*Work request*. Show every line of the data that contains the string "drawing".

(Excerpts from a dataset)

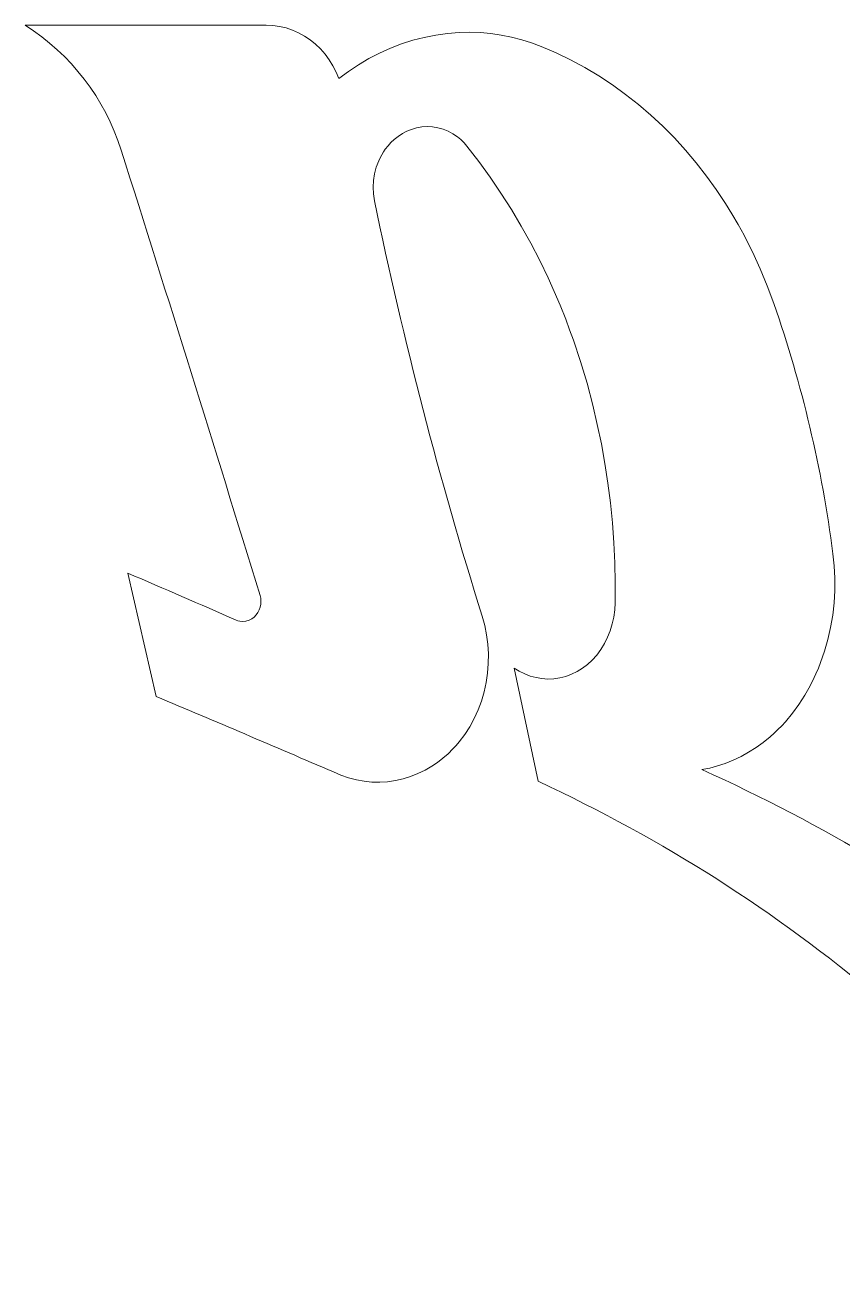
# Model space of a CAD drawing. Extents: x -234 to 858, y -95 to 532.
# Drawn here: x 833.95 to 843.12, y 112.89 to 127.01 of the extents above; entities that cross this region are included whole.
import ezdxf

# ---------------------------------------------------------------- set-up
doc = ezdxf.new("R2010")
doc.units = 0
doc.header["$LTSCALE"] = 7
doc.header["$MEASUREMENT"] = 0
doc.layers.add('8', color=250, linetype='CONTINUOUS', lineweight=15)

msp = doc.modelspace()

# ---------------------------------------------------------------- linework, layer by layer
at = {"layer": '8', "ltscale": 0.067612}
msp.add_line((836.6531, 127.0089), (833.9486, 127.0089), dxfattribs=at)
at = {"layer": '8', "ltscale": 0.035493}
msp.add_line((835.1005, 120.8604), (835.418, 119.4767), dxfattribs=at)
at = {"layer": '8', "ltscale": 0.032464}
msp.add_line((839.4359, 119.7961), (839.7038, 118.5254), dxfattribs=at)
at = {"layer": '8'}
for points in [[(837.4676, 126.4107), (837.4374, 126.4839), (837.4015, 126.5543), (837.3603, 126.6212), (837.3139, 126.6841), (837.2626, 126.7427), (837.2069, 126.7964), (837.1469, 126.8449), (837.0837, 126.8873), (837.0173, 126.9238), (836.9479, 126.9541), (836.8764, 126.978), (836.803, 126.9951), (836.7284, 127.0055), (836.6531, 127.0089)], [(839.7383, 126.7714), (839.6302, 126.812), (839.52, 126.8467), (839.4054, 126.8761), (839.2892, 126.8992), (839.1719, 126.9159), (839.0538, 126.9262), (838.9353, 126.93), (838.8167, 126.9273), (838.6861, 126.9169), (838.556, 126.8989), (838.4267, 126.8732), (838.2987, 126.84), (838.1722, 126.7994), (838.0478, 126.7515), (837.9257, 126.6967), (837.8063, 126.6349), (837.6899, 126.5665), (837.577, 126.4917), (837.4676, 126.4107)], [(842.3487, 123.8865), (842.2757, 124.0831), (842.1956, 124.2765), (842.1087, 124.4661), (842.0626, 124.5594), (842.0149, 124.6516), (841.9486, 124.7727), (841.8796, 124.8915), (841.8076, 125.0081), (841.7036, 125.1649), (841.5941, 125.3172), (841.4794, 125.4646), (841.3594, 125.6068), (841.2344, 125.7437), (841.1043, 125.875), (840.9695, 126.0005), (840.83, 126.12), (840.686, 126.2332), (840.5376, 126.34), (840.3852, 126.4402), (840.2288, 126.5336), (840.0687, 126.6201), (839.9051, 126.6994), (839.7383, 126.7714)], [(837.8681, 125.0403), (837.8566, 125.1155), (837.8529, 125.1916), (837.857, 125.2679), (837.8688, 125.3432), (837.8883, 125.4168), (837.9152, 125.4877), (837.9313, 125.5219), (837.9492, 125.555), (837.9686, 125.5867), (837.9895, 125.6172), (838.0199, 125.6559), (838.0528, 125.692), (838.0882, 125.7254), (838.1336, 125.7615), (838.1818, 125.7929), (838.2326, 125.8194), (838.2853, 125.8407), (838.3396, 125.8565), (838.3993, 125.8672), (838.4596, 125.8712), (838.5198, 125.8685), (838.5794, 125.859), (838.6376, 125.8429), (838.694, 125.8204), (838.7477, 125.7917), (838.7985, 125.7572), (838.8369, 125.7254), (838.8728, 125.6902), (838.906, 125.652)], [(838.906, 125.652), (839.0383, 125.481), (839.1656, 125.3058), (839.2876, 125.1263), (839.4043, 124.9429), (839.5157, 124.7556), (839.6217, 124.5648), (839.7222, 124.3705), (839.8172, 124.173), (839.8859, 124.0204), (839.9513, 123.8662), (840.0135, 123.7103), (840.058, 123.5925), (840.1007, 123.4738), (840.1805, 123.234), (840.2529, 122.9914), (840.3179, 122.7463), (840.3687, 122.53), (840.4137, 122.3122), (840.4531, 122.0929), (840.4868, 121.8723), (840.5148, 121.6504), (840.5372, 121.4267), (840.5538, 121.2023), (840.5647, 120.9775), (840.5698, 120.7526), (840.5692, 120.5276)], [(841.5426, 118.6568), (841.6305, 118.6743), (841.7174, 118.6973), (841.803, 118.7255), (841.893, 118.7614), (841.9809, 118.8031), (842.0665, 118.8504), (842.1495, 118.9032), (842.2298, 118.9611), (842.307, 119.024), (842.3519, 119.0641), (842.3955, 119.1058), (842.438, 119.1491), (842.4792, 119.194), (842.5576, 119.2881), (842.6306, 119.3878), (842.698, 119.4924), (842.7425, 119.5698), (842.7839, 119.6493), (842.8224, 119.7308), (842.8492, 119.7932), (842.8742, 119.8565), (842.919, 119.9857), (842.9565, 120.1178), (842.9868, 120.2524), (843.0097, 120.3888), (843.0253, 120.5265), (843.0333, 120.6649), (843.034, 120.8035), (843.0271, 120.9418), (843.0128, 121.0792)], [(836.5841, 120.6117), (836.5915, 120.5793), (836.5944, 120.5457), (836.5926, 120.5123), (836.5862, 120.4794), (836.5751, 120.4476), (836.5598, 120.4181), (836.5406, 120.3915), (836.5177, 120.3682), (836.4918, 120.3489), (836.4602, 120.3329), (836.4262, 120.3229), (836.3911, 120.3193), (836.3563, 120.3223), (836.3353, 120.3275), (836.3149, 120.335)], [(840.5692, 120.5276), (840.5647, 120.4477), (840.5539, 120.3684), (840.5368, 120.2903), (840.5135, 120.2143), (840.4841, 120.1408), (840.4489, 120.0705), (840.408, 120.0041), (840.3617, 119.9422), (840.3103, 119.8853), (840.2577, 119.8369), (840.2012, 119.7941), (840.1415, 119.7571), (840.0788, 119.7265), (840.0138, 119.7026), (839.9471, 119.6856), (839.8792, 119.6757), (839.8128, 119.673), (839.7466, 119.6772), (839.681, 119.6881), (839.6166, 119.7057), (839.5539, 119.7297), (839.4935, 119.7599), (839.4359, 119.7961)], [(837.4075, 118.6299), (837.4912, 118.5934), (837.5772, 118.5637), (837.6649, 118.5409), (837.7519, 118.5255), (837.8395, 118.517), (837.9275, 118.5155), (838.0153, 118.5209), (838.1025, 118.5333), (838.1885, 118.5524), (838.273, 118.5784), (838.3555, 118.6108), (838.4356, 118.6497), (838.5128, 118.6946), (838.5758, 118.7374), (838.6364, 118.7841), (838.6942, 118.8347), (838.7491, 118.8889), (838.7841, 118.9269), (838.8176, 118.9664), (838.8803, 119.0495), (838.9369, 119.1375), (838.9871, 119.2299), (839.0307, 119.3262), (839.0676, 119.4257), (839.0977, 119.5284), (839.1206, 119.6333), (839.1364, 119.7397), (839.1448, 119.8471), (839.1458, 119.9547), (839.1395, 120.0621), (839.1259, 120.1686), (839.1049, 120.2735), (839.0767, 120.3764)]]:
    msp.add_lwpolyline(points, dxfattribs=at)
for centre, radius, start, end in [((832.5666, 124.834), 2.5778, 17.48732, 57.56534), ((220.3058, -68.7779), 644.7227, 17.082812, 17.5479871), ((885.2363, 134.829), 48.3691, 191.6759, 197.38534), ((829.0843, 119.2702), 14.0451, 7.39979, 19.18897), ((748.8512, -80.1613), 218.7434, 66.431431, 66.778036), ((756.1063, -69.6451), 205.0789, 66.644294, 67.248362)]:
    msp.add_arc(centre, radius, start, end, dxfattribs=at)
for centre, major_axis, ratio, start_param, end_param in [((499.8376, -259.6208), (-346.5062, -375.1232), 0.182924, 3.1111698, 3.2022974), ((756.9511, 13.5853), (-86.5612, -102.518), 0.3510138, 3.0460952, 3.2367015)]:
    msp.add_ellipse(centre, major_axis=major_axis, ratio=ratio, start_param=start_param, end_param=end_param, dxfattribs=at)

doc.saveas('drawing.dxf')

*Answer space*.
# Model space of a CAD drawing. Extents: x -234 to 858, y -95 to 532.
doc.saveas('drawing.dxf')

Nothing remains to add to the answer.